#### Try it
Each line of the data below containing "dimlfac" needs to be listed.

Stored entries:
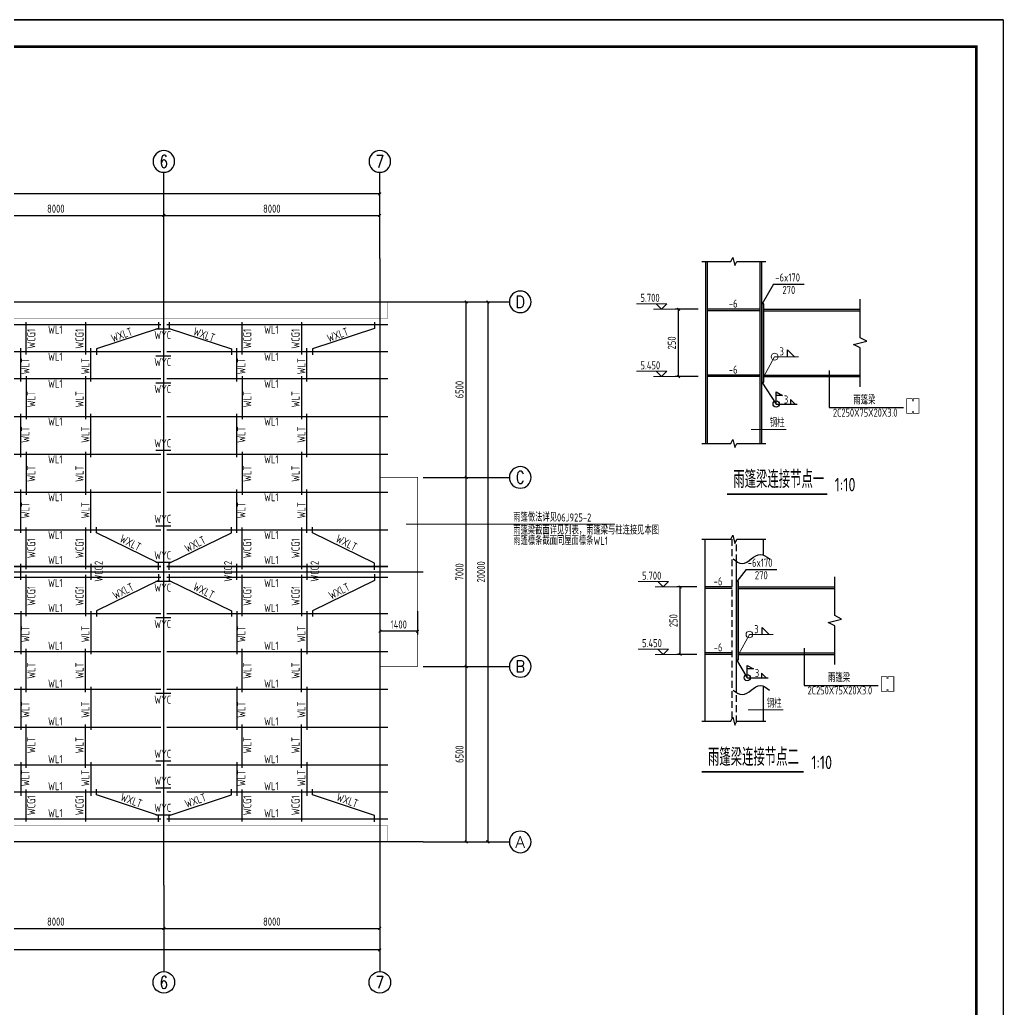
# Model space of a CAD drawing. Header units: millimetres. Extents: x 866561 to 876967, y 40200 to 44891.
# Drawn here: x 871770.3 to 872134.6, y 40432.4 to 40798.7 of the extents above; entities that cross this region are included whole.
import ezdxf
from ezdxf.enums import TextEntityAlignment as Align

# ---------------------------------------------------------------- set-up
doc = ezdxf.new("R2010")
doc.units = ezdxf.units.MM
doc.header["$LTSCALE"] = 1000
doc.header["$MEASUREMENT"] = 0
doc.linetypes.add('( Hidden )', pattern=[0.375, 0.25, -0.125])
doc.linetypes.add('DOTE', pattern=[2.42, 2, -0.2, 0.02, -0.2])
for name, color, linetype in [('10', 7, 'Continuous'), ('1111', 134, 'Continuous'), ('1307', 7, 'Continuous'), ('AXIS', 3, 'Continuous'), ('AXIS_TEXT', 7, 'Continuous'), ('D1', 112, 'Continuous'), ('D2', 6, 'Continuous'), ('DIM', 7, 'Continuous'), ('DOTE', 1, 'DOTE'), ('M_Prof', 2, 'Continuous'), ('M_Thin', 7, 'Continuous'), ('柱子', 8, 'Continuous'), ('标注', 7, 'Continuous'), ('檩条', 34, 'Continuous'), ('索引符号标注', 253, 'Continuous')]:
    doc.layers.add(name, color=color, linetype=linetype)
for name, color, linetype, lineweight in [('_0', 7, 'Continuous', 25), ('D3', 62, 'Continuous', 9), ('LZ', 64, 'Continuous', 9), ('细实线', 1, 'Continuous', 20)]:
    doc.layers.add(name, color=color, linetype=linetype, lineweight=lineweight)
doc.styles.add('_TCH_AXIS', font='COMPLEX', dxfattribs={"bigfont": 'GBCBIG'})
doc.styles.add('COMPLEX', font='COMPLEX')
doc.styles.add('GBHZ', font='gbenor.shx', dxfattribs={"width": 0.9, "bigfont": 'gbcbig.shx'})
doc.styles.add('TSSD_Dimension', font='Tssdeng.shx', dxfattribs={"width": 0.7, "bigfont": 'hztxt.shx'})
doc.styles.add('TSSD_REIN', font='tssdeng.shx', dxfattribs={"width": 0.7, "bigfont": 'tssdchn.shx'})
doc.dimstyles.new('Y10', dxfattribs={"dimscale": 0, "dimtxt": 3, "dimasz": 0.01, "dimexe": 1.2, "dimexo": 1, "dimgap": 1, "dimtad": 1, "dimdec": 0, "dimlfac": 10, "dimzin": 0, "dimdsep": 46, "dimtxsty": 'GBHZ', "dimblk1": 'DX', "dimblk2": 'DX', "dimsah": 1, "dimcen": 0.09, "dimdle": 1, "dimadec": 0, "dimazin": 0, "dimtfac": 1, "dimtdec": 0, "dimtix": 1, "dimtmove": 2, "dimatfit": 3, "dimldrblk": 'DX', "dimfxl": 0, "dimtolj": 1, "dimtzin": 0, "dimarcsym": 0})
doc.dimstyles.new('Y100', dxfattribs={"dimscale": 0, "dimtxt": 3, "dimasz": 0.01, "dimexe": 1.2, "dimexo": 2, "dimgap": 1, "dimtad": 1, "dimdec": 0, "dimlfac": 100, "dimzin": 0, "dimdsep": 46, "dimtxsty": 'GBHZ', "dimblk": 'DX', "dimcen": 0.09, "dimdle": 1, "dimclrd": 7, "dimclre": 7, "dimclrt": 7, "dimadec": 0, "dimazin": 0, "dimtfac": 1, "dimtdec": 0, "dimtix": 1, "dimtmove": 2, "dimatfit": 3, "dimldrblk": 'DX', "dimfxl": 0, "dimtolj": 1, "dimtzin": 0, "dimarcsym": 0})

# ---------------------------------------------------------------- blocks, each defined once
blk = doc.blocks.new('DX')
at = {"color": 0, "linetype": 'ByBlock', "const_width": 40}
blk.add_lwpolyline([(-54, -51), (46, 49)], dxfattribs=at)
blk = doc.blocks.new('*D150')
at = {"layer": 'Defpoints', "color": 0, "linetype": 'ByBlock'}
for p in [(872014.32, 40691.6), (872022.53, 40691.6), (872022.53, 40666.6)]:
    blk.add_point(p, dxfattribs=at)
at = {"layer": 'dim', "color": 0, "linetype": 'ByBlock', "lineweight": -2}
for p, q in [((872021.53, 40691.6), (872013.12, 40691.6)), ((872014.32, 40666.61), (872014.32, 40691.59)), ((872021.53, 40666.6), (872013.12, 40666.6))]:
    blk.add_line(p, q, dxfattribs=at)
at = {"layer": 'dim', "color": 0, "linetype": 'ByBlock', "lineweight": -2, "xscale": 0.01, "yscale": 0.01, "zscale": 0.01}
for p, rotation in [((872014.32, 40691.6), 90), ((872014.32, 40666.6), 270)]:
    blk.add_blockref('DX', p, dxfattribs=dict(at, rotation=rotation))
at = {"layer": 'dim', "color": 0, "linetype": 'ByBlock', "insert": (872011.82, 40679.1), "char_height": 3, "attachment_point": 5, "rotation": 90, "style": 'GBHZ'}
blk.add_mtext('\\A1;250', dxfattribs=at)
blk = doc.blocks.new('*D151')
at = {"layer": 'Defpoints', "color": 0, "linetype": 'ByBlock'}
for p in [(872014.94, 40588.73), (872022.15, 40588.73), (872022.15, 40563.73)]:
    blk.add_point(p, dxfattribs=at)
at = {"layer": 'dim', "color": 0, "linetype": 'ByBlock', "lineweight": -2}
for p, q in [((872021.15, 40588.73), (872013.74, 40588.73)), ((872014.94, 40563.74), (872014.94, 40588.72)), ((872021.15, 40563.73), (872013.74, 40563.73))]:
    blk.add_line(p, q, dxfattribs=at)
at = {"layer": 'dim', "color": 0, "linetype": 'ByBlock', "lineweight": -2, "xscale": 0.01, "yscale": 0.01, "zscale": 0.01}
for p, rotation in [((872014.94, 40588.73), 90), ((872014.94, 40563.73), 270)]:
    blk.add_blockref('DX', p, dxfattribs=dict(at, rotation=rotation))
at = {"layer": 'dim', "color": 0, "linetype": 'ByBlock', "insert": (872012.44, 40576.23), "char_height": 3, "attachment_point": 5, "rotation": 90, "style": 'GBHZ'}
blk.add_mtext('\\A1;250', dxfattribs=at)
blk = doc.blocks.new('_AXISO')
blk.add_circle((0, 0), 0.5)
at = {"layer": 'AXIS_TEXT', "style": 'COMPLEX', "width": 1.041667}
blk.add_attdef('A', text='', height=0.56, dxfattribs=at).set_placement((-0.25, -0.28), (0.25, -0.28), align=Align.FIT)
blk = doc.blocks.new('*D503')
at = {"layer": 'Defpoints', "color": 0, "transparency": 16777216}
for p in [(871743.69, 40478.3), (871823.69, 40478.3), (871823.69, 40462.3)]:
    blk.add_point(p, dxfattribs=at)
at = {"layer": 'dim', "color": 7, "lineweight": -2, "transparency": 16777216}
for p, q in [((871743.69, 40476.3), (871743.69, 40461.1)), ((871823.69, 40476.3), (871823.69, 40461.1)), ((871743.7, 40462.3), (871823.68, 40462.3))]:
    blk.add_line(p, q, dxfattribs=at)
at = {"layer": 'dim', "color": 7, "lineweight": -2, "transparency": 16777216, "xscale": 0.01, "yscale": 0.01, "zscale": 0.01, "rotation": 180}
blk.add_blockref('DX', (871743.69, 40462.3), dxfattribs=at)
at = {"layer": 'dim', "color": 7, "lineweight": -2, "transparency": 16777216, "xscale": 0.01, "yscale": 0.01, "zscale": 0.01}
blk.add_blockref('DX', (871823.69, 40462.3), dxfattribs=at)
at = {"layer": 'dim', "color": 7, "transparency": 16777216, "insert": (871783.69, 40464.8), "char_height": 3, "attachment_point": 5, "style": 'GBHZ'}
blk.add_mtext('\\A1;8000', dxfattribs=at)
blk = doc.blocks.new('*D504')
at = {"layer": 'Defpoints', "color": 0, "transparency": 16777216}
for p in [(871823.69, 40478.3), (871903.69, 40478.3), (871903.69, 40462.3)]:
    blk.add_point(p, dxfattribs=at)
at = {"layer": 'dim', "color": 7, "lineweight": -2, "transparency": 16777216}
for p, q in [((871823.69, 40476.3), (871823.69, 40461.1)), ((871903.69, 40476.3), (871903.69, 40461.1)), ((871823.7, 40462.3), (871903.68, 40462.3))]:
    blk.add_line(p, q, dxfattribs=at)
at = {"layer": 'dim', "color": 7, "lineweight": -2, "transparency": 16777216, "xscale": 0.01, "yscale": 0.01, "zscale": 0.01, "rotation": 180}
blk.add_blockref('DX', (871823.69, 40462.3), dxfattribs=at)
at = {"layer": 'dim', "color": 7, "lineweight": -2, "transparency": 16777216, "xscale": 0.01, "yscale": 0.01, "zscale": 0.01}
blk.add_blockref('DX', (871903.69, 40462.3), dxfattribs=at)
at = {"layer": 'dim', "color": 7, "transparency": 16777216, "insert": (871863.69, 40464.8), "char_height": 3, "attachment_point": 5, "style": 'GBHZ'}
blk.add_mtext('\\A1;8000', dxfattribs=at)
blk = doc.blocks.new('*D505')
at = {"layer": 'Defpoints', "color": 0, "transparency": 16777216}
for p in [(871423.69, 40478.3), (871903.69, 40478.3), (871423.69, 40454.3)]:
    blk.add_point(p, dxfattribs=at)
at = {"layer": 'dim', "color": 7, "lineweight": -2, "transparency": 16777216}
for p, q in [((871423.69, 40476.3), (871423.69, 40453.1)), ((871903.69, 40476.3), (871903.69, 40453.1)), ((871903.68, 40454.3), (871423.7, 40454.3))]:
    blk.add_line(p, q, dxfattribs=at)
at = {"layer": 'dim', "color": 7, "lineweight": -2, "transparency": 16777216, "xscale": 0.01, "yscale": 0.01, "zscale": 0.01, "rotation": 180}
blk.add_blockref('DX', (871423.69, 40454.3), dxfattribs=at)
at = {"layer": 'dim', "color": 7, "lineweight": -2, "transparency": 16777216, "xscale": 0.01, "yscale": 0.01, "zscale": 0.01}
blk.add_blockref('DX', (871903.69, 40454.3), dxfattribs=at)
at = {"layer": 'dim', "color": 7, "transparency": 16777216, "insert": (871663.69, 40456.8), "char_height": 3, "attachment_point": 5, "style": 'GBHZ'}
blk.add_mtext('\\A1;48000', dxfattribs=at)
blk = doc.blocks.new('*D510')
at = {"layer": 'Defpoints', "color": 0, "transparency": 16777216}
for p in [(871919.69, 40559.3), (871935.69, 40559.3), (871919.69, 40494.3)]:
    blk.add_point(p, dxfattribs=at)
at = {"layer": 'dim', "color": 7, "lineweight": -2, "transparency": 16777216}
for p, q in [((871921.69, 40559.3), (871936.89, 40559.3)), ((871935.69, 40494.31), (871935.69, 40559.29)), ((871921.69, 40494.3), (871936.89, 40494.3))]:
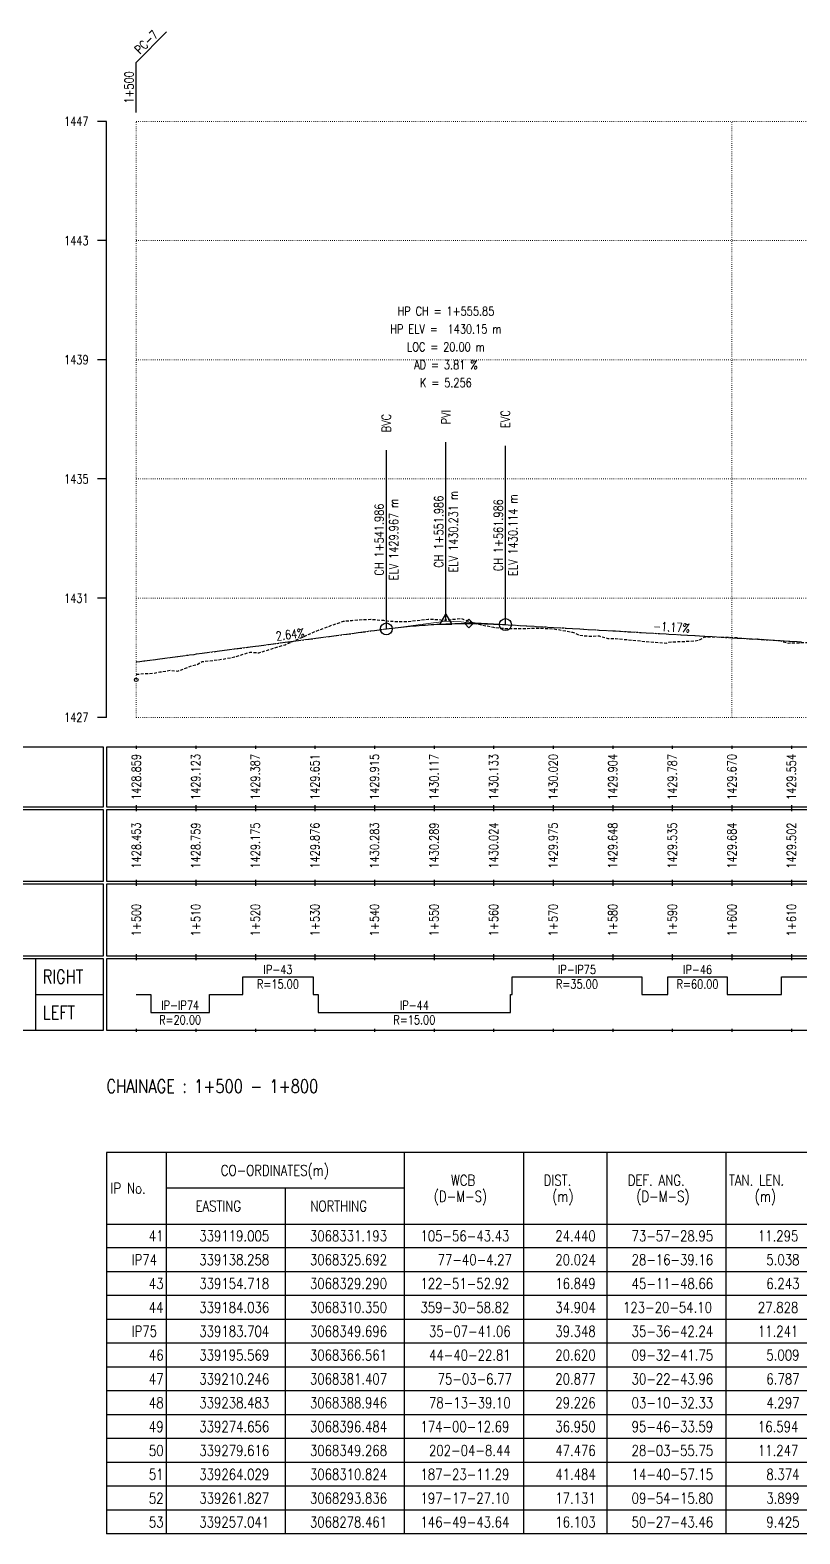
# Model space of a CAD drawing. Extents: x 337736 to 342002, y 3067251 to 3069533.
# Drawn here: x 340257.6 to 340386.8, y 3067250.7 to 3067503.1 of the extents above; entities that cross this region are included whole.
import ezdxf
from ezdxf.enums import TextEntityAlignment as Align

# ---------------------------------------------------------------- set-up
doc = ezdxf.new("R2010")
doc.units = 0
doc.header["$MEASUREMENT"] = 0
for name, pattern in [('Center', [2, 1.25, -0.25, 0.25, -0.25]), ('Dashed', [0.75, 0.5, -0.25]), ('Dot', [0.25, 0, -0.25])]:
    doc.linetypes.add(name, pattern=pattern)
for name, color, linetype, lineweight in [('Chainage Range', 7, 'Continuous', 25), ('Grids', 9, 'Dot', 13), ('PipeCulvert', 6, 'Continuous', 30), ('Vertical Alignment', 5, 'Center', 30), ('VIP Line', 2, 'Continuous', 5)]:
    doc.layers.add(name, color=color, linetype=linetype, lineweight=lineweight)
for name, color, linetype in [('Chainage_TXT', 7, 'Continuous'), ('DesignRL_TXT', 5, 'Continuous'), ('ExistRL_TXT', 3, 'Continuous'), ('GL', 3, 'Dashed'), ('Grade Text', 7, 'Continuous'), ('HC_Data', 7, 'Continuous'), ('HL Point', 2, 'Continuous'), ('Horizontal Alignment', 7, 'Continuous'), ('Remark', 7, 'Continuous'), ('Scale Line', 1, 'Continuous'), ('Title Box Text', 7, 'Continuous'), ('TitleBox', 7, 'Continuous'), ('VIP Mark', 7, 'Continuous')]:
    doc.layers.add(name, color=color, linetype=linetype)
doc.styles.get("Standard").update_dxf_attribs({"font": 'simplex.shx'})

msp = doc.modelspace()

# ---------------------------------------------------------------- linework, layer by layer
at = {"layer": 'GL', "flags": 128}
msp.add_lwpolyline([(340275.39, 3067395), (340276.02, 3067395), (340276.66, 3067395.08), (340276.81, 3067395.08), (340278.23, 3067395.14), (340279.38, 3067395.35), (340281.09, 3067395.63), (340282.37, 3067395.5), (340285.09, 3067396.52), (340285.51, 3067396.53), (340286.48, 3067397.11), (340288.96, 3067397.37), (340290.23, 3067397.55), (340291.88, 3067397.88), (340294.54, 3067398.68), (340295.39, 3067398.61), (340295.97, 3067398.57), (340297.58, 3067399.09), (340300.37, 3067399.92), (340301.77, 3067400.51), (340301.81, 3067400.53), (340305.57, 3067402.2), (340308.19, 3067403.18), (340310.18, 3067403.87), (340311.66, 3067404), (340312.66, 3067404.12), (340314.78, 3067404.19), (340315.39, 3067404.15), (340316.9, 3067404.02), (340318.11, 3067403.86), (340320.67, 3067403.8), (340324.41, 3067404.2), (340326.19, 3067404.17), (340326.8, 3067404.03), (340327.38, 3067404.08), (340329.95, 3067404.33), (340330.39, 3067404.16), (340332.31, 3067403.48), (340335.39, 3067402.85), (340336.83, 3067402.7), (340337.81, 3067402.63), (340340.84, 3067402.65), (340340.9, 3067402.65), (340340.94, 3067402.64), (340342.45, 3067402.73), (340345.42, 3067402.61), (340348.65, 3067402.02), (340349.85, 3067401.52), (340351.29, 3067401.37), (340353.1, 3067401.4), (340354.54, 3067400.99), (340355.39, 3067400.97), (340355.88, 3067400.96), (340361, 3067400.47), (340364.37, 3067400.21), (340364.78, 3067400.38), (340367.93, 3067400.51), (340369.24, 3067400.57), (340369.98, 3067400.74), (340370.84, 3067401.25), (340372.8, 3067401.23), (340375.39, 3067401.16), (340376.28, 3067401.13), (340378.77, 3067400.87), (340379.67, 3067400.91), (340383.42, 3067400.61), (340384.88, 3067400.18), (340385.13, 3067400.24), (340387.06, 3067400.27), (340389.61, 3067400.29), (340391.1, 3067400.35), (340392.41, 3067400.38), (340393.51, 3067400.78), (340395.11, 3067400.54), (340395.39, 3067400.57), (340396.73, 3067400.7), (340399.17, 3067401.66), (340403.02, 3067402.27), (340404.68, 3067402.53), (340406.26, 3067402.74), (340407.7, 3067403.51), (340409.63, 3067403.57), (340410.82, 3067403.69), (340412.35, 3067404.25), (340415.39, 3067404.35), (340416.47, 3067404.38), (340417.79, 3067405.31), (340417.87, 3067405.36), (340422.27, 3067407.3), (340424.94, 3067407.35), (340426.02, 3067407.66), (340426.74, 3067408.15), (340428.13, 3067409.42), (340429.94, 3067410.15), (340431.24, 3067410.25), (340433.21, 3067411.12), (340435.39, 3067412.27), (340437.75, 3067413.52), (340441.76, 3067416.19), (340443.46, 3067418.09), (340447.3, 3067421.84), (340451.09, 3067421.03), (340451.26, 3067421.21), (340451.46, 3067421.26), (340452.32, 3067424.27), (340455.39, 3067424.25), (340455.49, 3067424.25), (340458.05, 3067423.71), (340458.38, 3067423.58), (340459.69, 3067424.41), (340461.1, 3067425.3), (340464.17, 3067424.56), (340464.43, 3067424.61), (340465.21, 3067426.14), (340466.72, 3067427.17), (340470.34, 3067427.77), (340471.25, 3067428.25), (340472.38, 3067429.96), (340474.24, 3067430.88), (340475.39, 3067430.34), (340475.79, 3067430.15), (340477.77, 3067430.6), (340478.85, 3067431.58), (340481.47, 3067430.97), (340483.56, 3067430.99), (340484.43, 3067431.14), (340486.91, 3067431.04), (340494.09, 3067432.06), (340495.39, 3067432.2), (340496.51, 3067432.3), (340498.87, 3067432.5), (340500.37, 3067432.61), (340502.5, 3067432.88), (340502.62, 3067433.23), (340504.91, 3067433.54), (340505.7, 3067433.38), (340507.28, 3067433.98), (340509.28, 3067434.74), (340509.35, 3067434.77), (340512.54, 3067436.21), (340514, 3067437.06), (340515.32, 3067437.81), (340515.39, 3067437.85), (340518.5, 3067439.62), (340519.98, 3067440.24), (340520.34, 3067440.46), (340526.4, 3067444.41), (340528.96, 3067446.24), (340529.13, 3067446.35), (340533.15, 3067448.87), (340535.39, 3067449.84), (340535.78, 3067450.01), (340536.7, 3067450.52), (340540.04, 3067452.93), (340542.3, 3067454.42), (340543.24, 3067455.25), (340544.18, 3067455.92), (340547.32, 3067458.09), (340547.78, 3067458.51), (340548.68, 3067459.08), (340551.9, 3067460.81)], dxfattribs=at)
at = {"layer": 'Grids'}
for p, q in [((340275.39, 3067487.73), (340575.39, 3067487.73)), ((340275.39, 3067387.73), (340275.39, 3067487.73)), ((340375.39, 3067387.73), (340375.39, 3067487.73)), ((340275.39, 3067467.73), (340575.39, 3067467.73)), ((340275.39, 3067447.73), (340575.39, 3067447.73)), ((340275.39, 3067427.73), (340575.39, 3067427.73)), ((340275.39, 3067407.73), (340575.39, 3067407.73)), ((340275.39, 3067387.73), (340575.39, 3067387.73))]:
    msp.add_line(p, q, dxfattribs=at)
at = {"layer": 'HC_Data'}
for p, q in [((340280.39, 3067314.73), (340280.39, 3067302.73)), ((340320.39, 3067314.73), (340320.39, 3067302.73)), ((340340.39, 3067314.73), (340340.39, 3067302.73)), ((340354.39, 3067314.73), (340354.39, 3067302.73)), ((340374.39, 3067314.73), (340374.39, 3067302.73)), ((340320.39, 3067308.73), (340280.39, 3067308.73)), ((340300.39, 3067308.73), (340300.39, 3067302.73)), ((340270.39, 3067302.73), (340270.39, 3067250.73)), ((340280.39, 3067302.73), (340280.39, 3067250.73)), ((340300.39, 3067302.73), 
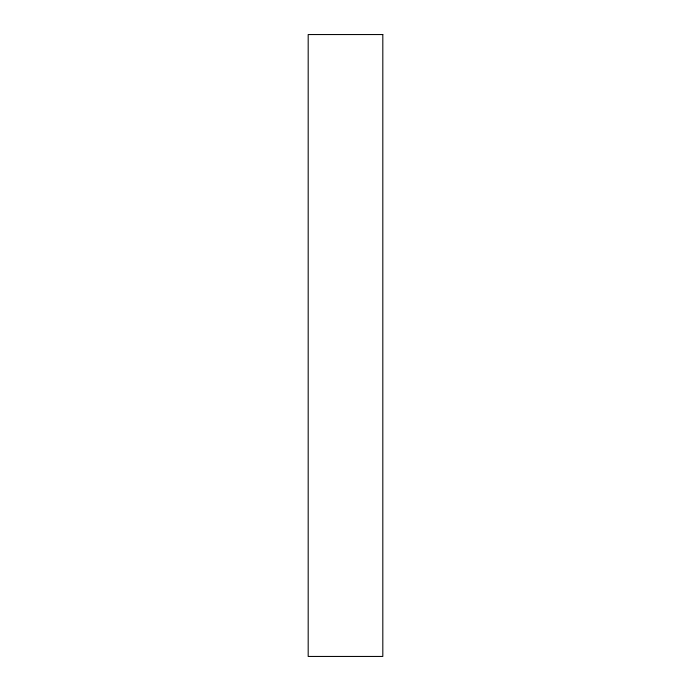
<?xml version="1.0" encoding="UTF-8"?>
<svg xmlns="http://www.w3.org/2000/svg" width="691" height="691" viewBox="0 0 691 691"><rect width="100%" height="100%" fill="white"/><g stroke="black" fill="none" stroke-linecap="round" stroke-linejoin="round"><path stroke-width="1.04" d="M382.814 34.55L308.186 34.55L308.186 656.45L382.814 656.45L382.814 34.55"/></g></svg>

#### Reply to the task
doc.dimstyles.new('Y10', dxfattribs={"dimscale": 0, "dimtxt": 3, "dimasz": 0.01, "dimexe": 1.2, "dimexo": 1, "dimgap": 1, "dimtad": 1, "dimdec": 0, "dimlfac": 10, "dimzin": 0, "dimdsep": 46, "dimtxsty": 'GBHZ', "dimblk1": 'DX', "dimblk2": 'DX', "dimsah": 1, "dimcen": 0.09, "dimdle": 1, "dimadec": 0, "dimazin": 0, "dimtfac": 1, "dimtdec": 0, "dimtix": 1, "dimtmove": 2, "dimatfit": 3, "dimldrblk": 'DX', "dimfxl": 0, "dimtolj": 1, "dimtzin": 0, "dimarcsym": 0})
doc.dimstyles.new('Y100', dxfattribs={"dimscale": 0, "dimtxt": 3, "dimasz": 0.01, "dimexe": 1.2, "dimexo": 2, "dimgap": 1, "dimtad": 1, "dimdec": 0, "dimlfac": 100, "dimzin": 0, "dimdsep": 46, "dimtxsty": 'GBHZ', "dimblk": 'DX', "dimcen": 0.09, "dimdle": 1, "dimclrd": 7, "dimclre": 7, "dimclrt": 7, "dimadec": 0, "dimazin": 0, "dimtfac": 1, "dimtdec": 0, "dimtix": 1, "dimtmove": 2, "dimatfit": 3, "dimldrblk": 'DX', "dimfxl": 0, "dimtolj": 1, "dimtzin": 0, "dimarcsym": 0})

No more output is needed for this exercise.